Despite receiving a cease-and-desist letter in late March from a lawyer representing Michael Cohen, Stormy Daniels on Tuesday released an artist’s sketch of the man who, she says, threatened her to keep quiet about her alleged affair with Donald Trump seven years ago in a Las Vegas parking lot. The threat came face-to-face, in the presence of Daniels’ then-infant daughter, according to Daniels' account.
The sketch, by top forensic artist Lois Gibson, may be seen at the top of this page. The Houston, Texas based Gibson has been named by The Guinness Book of World Records as the “world’s most successful forensic artist,” with her sketches used to identify 751 wanted criminals and playing a part in more than 1,000 criminal convictions.
“His face is burned in my memory,” Daniels said in an an interview with the ABC-TV program The View on Tuesday morning. “I was really rattled. It just never left me.”
The man is “handsome and fit with sandy brown, slicked-back hair. He’s about 5-foot-9 to 6 feet tall, and in his 30s and 40s,” according to Daniels’ description, which resulted in the Gibson sketch. She also said that he was “well-dressed ... nothing was alarming about the way he looked at first.”
When she appeared on the CBS-TV 60 Minutes broadcast on March 25, Daniels described the incident on detail.

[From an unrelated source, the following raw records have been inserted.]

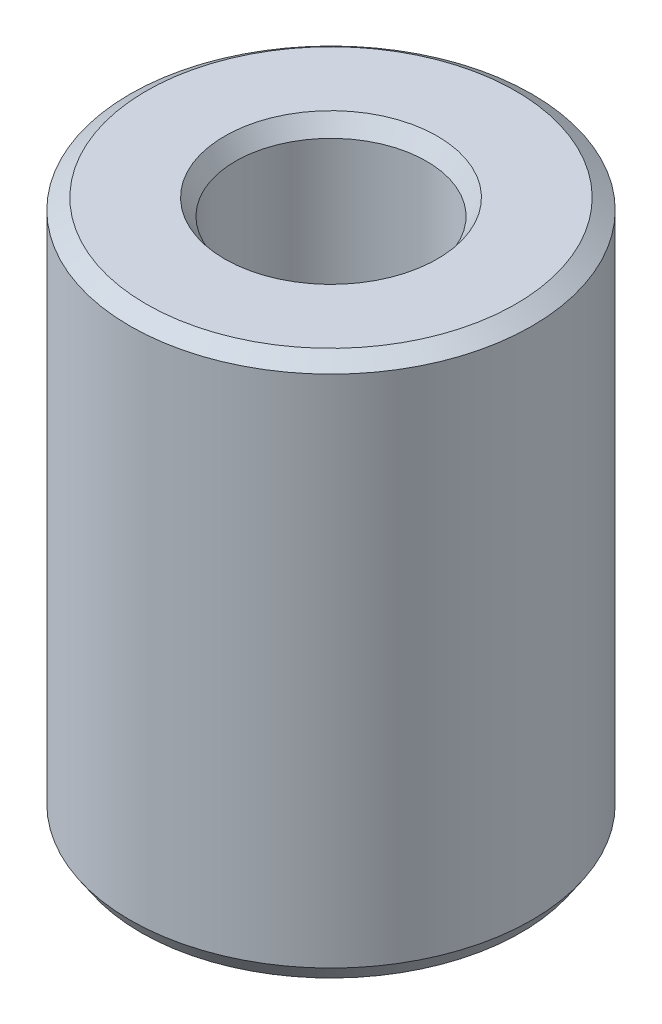
from build123d import *
from OCP.BRepFilletAPI import BRepFilletAPI_MakeChamfer

# Parameters (mm, degrees)
SKETCH1_R           = 10
BOSS_EXTRUDE1_DEPTH = 26.945556801
SKETCH2_R           = 4.754256719
CUT_EXTRUDE1_DEPTH  = 31.431283761
CHAMFER1_SIZE       = 0.54074029
CHAMFER1_SIZE2      = 0.809757185


with BuildPart() as part:
    # Sketch1 → Boss-Extrude1 (new body)
    with BuildSketch(Plane(origin=(0, 0, 0), x_dir=(1, 0, 0), z_dir=(0, 1, 0))):
        Circle(SKETCH1_R)
    extrude(amount=BOSS_EXTRUDE1_DEPTH)

    # Sketch2 → Cut-Extrude1 (cut, through all)
    with BuildSketch(Plane(origin=(0, 0, 0), x_dir=(1, 0, 0), z_dir=(0, 1, 0))):
        Circle(SKETCH2_R)
    extrude(amount=CUT_EXTRUDE1_DEPTH, mode=Mode.SUBTRACT)

    # Chamfer1: one chamfer whose edges measure the first distance from different faces: ONE call of the kernel's chamfer builder (chamfer() names one face for all edges)
    chamfer1_edges_1 = [part.edges().sort_by_distance(p)[0] for p in [
        (-4.754256719, 26.945556801, 0),
    ]]
    chamfer1_side_1 = [part.faces().sort_by_distance(p)[0] for p in [
        (-9.717157288, 26.945556801, 0),
    ]]
    chamfer1_edges_2 = [part.edges().sort_by_distance(p)[0] for p in [
        (-4.754256719, 0, 0),
    ]]
    chamfer1_side_2 = [part.faces().sort_by_distance(p)[0] for p in [
        (-4.754256719, 13.472778401, 0),
    ]]
    chamfer1_edges_3 = [part.edges().sort_by_distance(p)[0] for p in [
        (-10, 0, 0),
    ]]
    chamfer1_side_3 = [part.faces().sort_by_distance(p)[0] for p in [
        (-9.717157288, 0, 0),
    ]]
    chamfer1_edges_4 = [part.edges().sort_by_distance(p)[0] for p in [
        (-10, 26.945556801, 0),
    ]]
    chamfer1_side_4 = [part.faces().sort_by_distance(p)[0] for p in [
        (-10, 13.472778401, 0),
    ]]
    chamfer1 = BRepFilletAPI_MakeChamfer(part.part.solid().wrapped)
    for e in chamfer1_edges_1:
        chamfer1.Add(CHAMFER1_SIZE, CHAMFER1_SIZE2, e.wrapped, chamfer1_side_1[0].wrapped)  # the first distance lies on this face
    for e in chamfer1_edges_2:
        chamfer1.Add(CHAMFER1_SIZE, CHAMFER1_SIZE2, e.wrapped, chamfer1_side_2[0].wrapped)  # the first distance lies on this face
    for e in chamfer1_edges_3:
        chamfer1.Add(CHAMFER1_SIZE, CHAMFER1_SIZE2, e.wrapped, chamfer1_side_3[0].wrapped)  # the first distance lies on this face
    for e in chamfer1_edges_4:
        chamfer1.Add(CHAMFER1_SIZE, CHAMFER1_SIZE2, e.wrapped, chamfer1_side_4[0].wrapped)  # the first distance lies on this face
    add(Compound.cast(chamfer1.Shape()), mode=Mode.REPLACE)


solid = part.part

“I was in a parking lot, going to a fitness class with my infant daughter. Taking, you know, the seats facing backwards in the backseat, diaper bag, you know, gettin' all the stuff out,” she told 60 Minutes interviewer Anderson Cooper. “And a guy walked up on me and said to me, ‘Leave Trump alone. Forget the story.’ And then he leaned around and looked at my daughter and said, ‘That's a beautiful little girl. It'd be a shame if something happened to her mom.’ And then he was gone.”
The following day, Daniels and her lawyer Michael Avenatti received a letter from Brent Blakely, a lawyer representing Cohen, Trump’s self-described “fixer” who in 2016 made a $130,000 payoff to Daniels to keep her quiet about the alleged Trump affair. The letter demanded that Daniels and Avenatti stop talking about the threat calling the allegation “false and defamatory”—despite the fact that Daniels and Avenatti never said that Cohen was behind the threat.
Avenatti announced on Tuesday that he is offering a $100,000 reward for “credible information” about the man who threatened Daniels. He said that he has created an email address, [email protected], where tipsters can submit leads.